The SlaveVoyages website offers records about the origins and forced transportation of more than twelve million Africans across the Atlantic and within the Americas. This ever-evolving website is the collaborative effort of dozens of researchers working in libraries and archives around the world. The work of several prominent historians, including Herbert S. Klein, David Richardson, David Eltis, and Stephen Behrendt, was foundational to the creation and expansion of the database over a period of decades. In 2008, the Trans-Atlantic Slave Trade Database was first made freely available online, thanks to the efforts of David Eltis in collaboration with a multidisciplinary and international team of scholars, programmers, librarians, and designers. The database has been repeatedly refreshed and expanded to reflect new research findings and the user interface was modernized from 2015-2018. For a more detailed account of the project's history, please click here.

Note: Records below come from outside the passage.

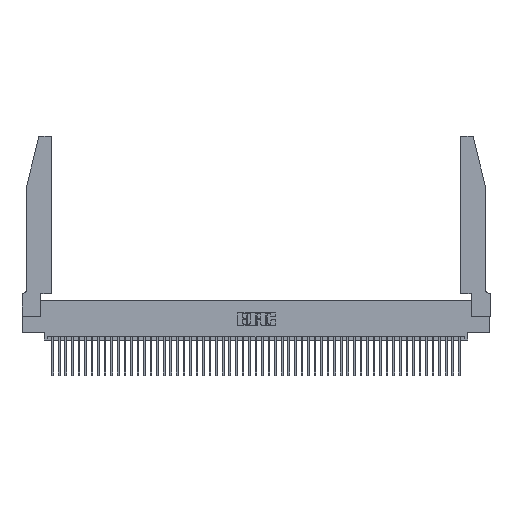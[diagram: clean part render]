
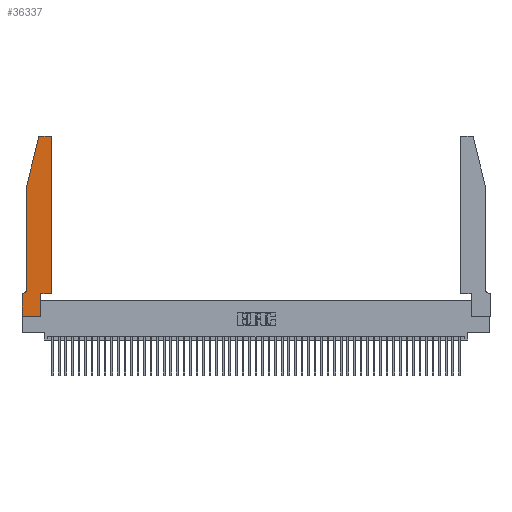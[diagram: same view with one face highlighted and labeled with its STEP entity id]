
A CAD part, top view. The second image highlights one B-rep face of the part: STEP entity #36337.
In plain terms, the highlighted planar face has unit normal (0, 0, 1).
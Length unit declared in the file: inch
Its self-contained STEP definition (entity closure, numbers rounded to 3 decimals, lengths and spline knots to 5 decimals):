
#212 = CARTESIAN_POINT ( 'NONE',  ( 0.2865, 0.35, 0.37 ) ) ;
#356 = VECTOR ( 'NONE', #21670, 39.37008 ) ;
#555 = LINE ( 'NONE', #47192, #16750 ) ;
#711 = DIRECTION ( 'NONE',  ( 1., 0., 0. ) ) ;
#1193 = CARTESIAN_POINT ( 'NONE',  ( 0.4505, 0.35, 0.37 ) ) ;
#1616 = ORIENTED_EDGE ( 'NONE', *, *, #44480, .T. ) ;
#1878 = ORIENTED_EDGE ( 'NONE', *, *, #29972, .T. ) ;
#1911 = VECTOR ( 'NONE', #27372, 39.37008 ) ;
#2599 = CIRCLE ( 'NONE', #44531, 0.03 ) ;
#3282 = VERTEX_POINT ( 'NONE', #10184 ) ;
#3789 = EDGE_CURVE ( 'NONE', #35162, #42435, #11193, .T. ) ;
#4114 = DIRECTION ( 'NONE',  ( 0., 0., 1. ) ) ;
#4828 = DIRECTION ( 'NONE',  ( 0., 0., 1. ) ) ;
#5177 = EDGE_CURVE ( 'NONE', #16930, #35162, #37278, .T. ) ;
#5778 = VERTEX_POINT ( 'NONE', #16544 ) ;
#5942 = EDGE_CURVE ( 'NONE', #17150, #5778, #43380, .T. ) ;
#6589 = EDGE_CURVE ( 'NONE', #20939, #16418, #32118, .T. ) ;
#6670 = VERTEX_POINT ( 'NONE', #29574 ) ;
#7754 = VECTOR ( 'NONE', #12243, 39.37008 ) ;
#8088 = DIRECTION ( 'NONE',  ( 1., 0., 0. ) ) ;
#8814 = CARTESIAN_POINT ( 'NONE',  ( 0., 0.35, 0.37 ) ) ;
#9170 = PLANE ( 'NONE',  #9963 ) ;
#9190 = ORIENTED_EDGE ( 'NONE', *, *, #3789, .T. ) ;
#9689 = CARTESIAN_POINT ( 'NONE',  ( 0.0755, 0.42, 0.37 ) ) ;
#9762 = VECTOR ( 'NONE', #37052, 39.37008 ) ;
#9963 = AXIS2_PLACEMENT_3D ( 'NONE', #8814, #4828, #32664 ) ;
#10184 = CARTESIAN_POINT ( 'NONE',  ( 0.0755, 2., 0.37 ) ) ;
#11193 = LINE ( 'NONE', #1193, #17479 ) ;
#11236 = CARTESIAN_POINT ( 'NONE',  ( 0.284, 2.75, 0.37 ) ) ;
#11747 = VECTOR ( 'NONE', #16063, 39.37008 ) ;
#12243 = DIRECTION ( 'NONE',  ( 0., 1., 0. ) ) ;
#12511 = DIRECTION ( 'NONE',  ( 0., 0., -1. ) ) ;
#12624 = CARTESIAN_POINT ( 'NONE',  ( 0., 0.35, 0.37 ) ) ;
#12886 = DIRECTION ( 'NONE',  ( 0., 0., 1. ) ) ;
#13229 = FACE_OUTER_BOUND ( 'NONE', #36322, .T. ) ;
#13674 = DIRECTION ( 'NONE',  ( -0.239, -0.971, 0. ) ) ;
#14353 = CARTESIAN_POINT ( 'NONE',  ( 0.0755, 2., 0.37 ) ) ;
#15825 = ORIENTED_EDGE ( 'NONE', *, *, #5177, .T. ) ;
#16015 = CARTESIAN_POINT ( 'NONE',  ( 0.0055, 0.42, 0.37 ) ) ;
#16063 = DIRECTION ( 'NONE',  ( 0., 1., 0. ) ) ;
#16418 = VERTEX_POINT ( 'NONE', #47800 ) ;
#16544 = CARTESIAN_POINT ( 'NONE',  ( 0., 0., 0.37 ) ) ;
#16750 = VECTOR ( 'NONE', #43365, 39.37008 ) ;
#16930 = VERTEX_POINT ( 'NONE', #50580 ) ;
#17150 = VERTEX_POINT ( 'NONE', #12624 ) ;
#17214 = DIRECTION ( 'NONE',  ( 1., 0., 0. ) ) ;
#17479 = VECTOR ( 'NONE', #17214, 39.37008 ) ;
#18844 = ORIENTED_EDGE ( 'NONE', *, *, #22493, .T. ) ;
#19642 = ORIENTED_EDGE ( 'NONE', *, *, #33761, .T. ) ;
#20939 = VERTEX_POINT ( 'NONE', #9689 ) ;
#20981 = ORIENTED_EDGE ( 'NONE', *, *, #26218, .T. ) ;
#21670 = DIRECTION ( 'NONE',  ( -1., 0., 0. ) ) ;
#21851 = CARTESIAN_POINT ( 'NONE',  ( 0.0755, 0.35, 0.37 ) ) ;
#22493 = EDGE_CURVE ( 'NONE', #50870, #41459, #2599, .T. ) ;
#24040 = LINE ( 'NONE', #21851, #356 ) ;
#24041 = CARTESIAN_POINT ( 'NONE',  ( 0.284, 2.72, 0.37 ) ) ;
#24218 = EDGE_CURVE ( 'NONE', #3282, #20939, #555, .T. ) ;
#24435 = CARTESIAN_POINT ( 'NONE',  ( 0.2865, 0.35, 0.37 ) ) ;
#24545 = DIRECTION ( 'NONE',  ( -1., 0., 0. ) ) ;
#24628 = EDGE_CURVE ( 'NONE', #5778, #16930, #48390, .T. ) ;
#26067 = LINE ( 'NONE', #14353, #44102 ) ;
#26218 = EDGE_CURVE ( 'NONE', #42435, #50870, #33309, .T. ) ;
#27335 = VERTEX_POINT ( 'NONE', #11236 ) ;
#27372 = DIRECTION ( 'NONE',  ( -1., 0., 0. ) ) ;
#27964 = CARTESIAN_POINT ( 'NONE',  ( 0.4205, 2.72, 0.37 ) ) ;
#29065 = CARTESIAN_POINT ( 'NONE',  ( 0., 0., 0.37 ) ) ;
#29574 = CARTESIAN_POINT ( 'NONE',  ( 0.25487, 2.72718, 0.37 ) ) ;
#29972 = EDGE_CURVE ( 'NONE', #41459, #27335, #42371, .T. ) ;
#31601 = VECTOR ( 'NONE', #34321, 39.37008 ) ;
#31749 = ORIENTED_EDGE ( 'NONE', *, *, #33453, .T. ) ;
#32118 = CIRCLE ( 'NONE', #47955, 0.07 ) ;
#32247 = CARTESIAN_POINT ( 'NONE',  ( 0.4505, 0.35, 0.37 ) ) ;
#32455 = CARTESIAN_POINT ( 'NONE',  ( 0.4205, 2.75, 0.37 ) ) ;
#32664 = DIRECTION ( 'NONE',  ( 1., 0., 0. ) ) ;
#32902 = AXIS2_PLACEMENT_3D ( 'NONE', #24041, #12886, #711 ) ;
#33309 = LINE ( 'NONE', #32247, #7754 ) ;
#33453 = EDGE_CURVE ( 'NONE', #16418, #17150, #24040, .T. ) ;
#33493 = CARTESIAN_POINT ( 'NONE',  ( 0.4505, 0.35, 0.37 ) ) ;
#33761 = EDGE_CURVE ( 'NONE', #27335, #6670, #42035, .T. ) ;
#34321 = DIRECTION ( 'NONE',  ( 1., 0., 0. ) ) ;
#34867 = ORIENTED_EDGE ( 'NONE', *, *, #6589, .T. ) ;
#35162 = VERTEX_POINT ( 'NONE', #24435 ) ;
#36322 = EDGE_LOOP ( 'NONE', ( #1878, #19642, #1616, #43940, #34867, #31749, #48851, #43044, #15825, #9190, #20981, #18844 ) ) ;
#36337 = ADVANCED_FACE ( 'NONE', ( #13229 ), #9170, .T. ) ;
#37052 = DIRECTION ( 'NONE',  ( 0., -1., 0. ) ) ;
#37278 = LINE ( 'NONE', #212, #11747 ) ;
#41459 = VERTEX_POINT ( 'NONE', #32455 ) ;
#42035 = CIRCLE ( 'NONE', #32902, 0.03 ) ;
#42371 = LINE ( 'NONE', #47676, #1911 ) ;
#42435 = VERTEX_POINT ( 'NONE', #33493 ) ;
#43044 = ORIENTED_EDGE ( 'NONE', *, *, #24628, .T. ) ;
#43365 = DIRECTION ( 'NONE',  ( 0., -1., 0. ) ) ;
#43380 = LINE ( 'NONE', #29065, #9762 ) ;
#43940 = ORIENTED_EDGE ( 'NONE', *, *, #24218, .T. ) ;
#44102 = VECTOR ( 'NONE', #13674, 39.37008 ) ;
#44480 = EDGE_CURVE ( 'NONE', #6670, #3282, #26067, .T. ) ;
#44531 = AXIS2_PLACEMENT_3D ( 'NONE', #27964, #4114, #8088 ) ;
#45731 = CARTESIAN_POINT ( 'NONE',  ( 0.4505, 2.72, 0.37 ) ) ;
#47192 = CARTESIAN_POINT ( 'NONE',  ( 0.0755, 2., 0.37 ) ) ;
#47676 = CARTESIAN_POINT ( 'NONE',  ( 0.2605, 2.75, 0.37 ) ) ;
#47800 = CARTESIAN_POINT ( 'NONE',  ( 0.0055, 0.35, 0.37 ) ) ;
#47955 = AXIS2_PLACEMENT_3D ( 'NONE', #16015, #12511, #24545 ) ;
#48390 = LINE ( 'NONE', #50684, #31601 ) ;
#48851 = ORIENTED_EDGE ( 'NONE', *, *, #5942, .T. ) ;
#50580 = CARTESIAN_POINT ( 'NONE',  ( 0.2865, 0., 0.37 ) ) ;
#50684 = CARTESIAN_POINT ( 'NONE',  ( 0., 0., 0.37 ) ) ;
#50870 = VERTEX_POINT ( 'NONE', #45731 ) ;

In 2020, the Intra-American Slave Trade Database was added to the SlaveVoyages website. This database offers insight into the experiences of those who survived the Middle Passage across the Atlantic and were forced to board subsequent vessels soon after arriving at a port in the Americas. In 2021, a new section of the website, People of the Atlantic Slave Trade, was released. This section contains the African Origins Database, a list of nearly 100,000 Africans liberated from slaving vessels during the last sixty years of the transatlantic slave trade, as well as the Oceans of Kinfolk Database. The Oceans of Kinfolk Database provides the names of more than 63,000 people who were forcibly trafficked to New Orleans, along with information about their voyages and captors.
Given the complexity of the website, SlaveVoyages requires considerable energy and financial support to maintain. In 2021, a consortium of six member institutions was formed to support the efforts of SlaveVoyages. The now eight member institutions are Emory University (the original host institution), Rice University (the new hosting institution), the University of California campuses at Berkeley, Irvine, and Santa Cruz, Harvard University, the National Museum of African American History and Culture, the Omohundro Institute of Early American History & Culture, the University of the West Indies at Cave Hill, Barbados, and Washington University. This model of support and guidance will help ensure the sustainability of the website, while partnerships with these institutions, such as with the University of West Indies at Cave Hill, will encourage the site to explore new directions and help broaden access to archival materials.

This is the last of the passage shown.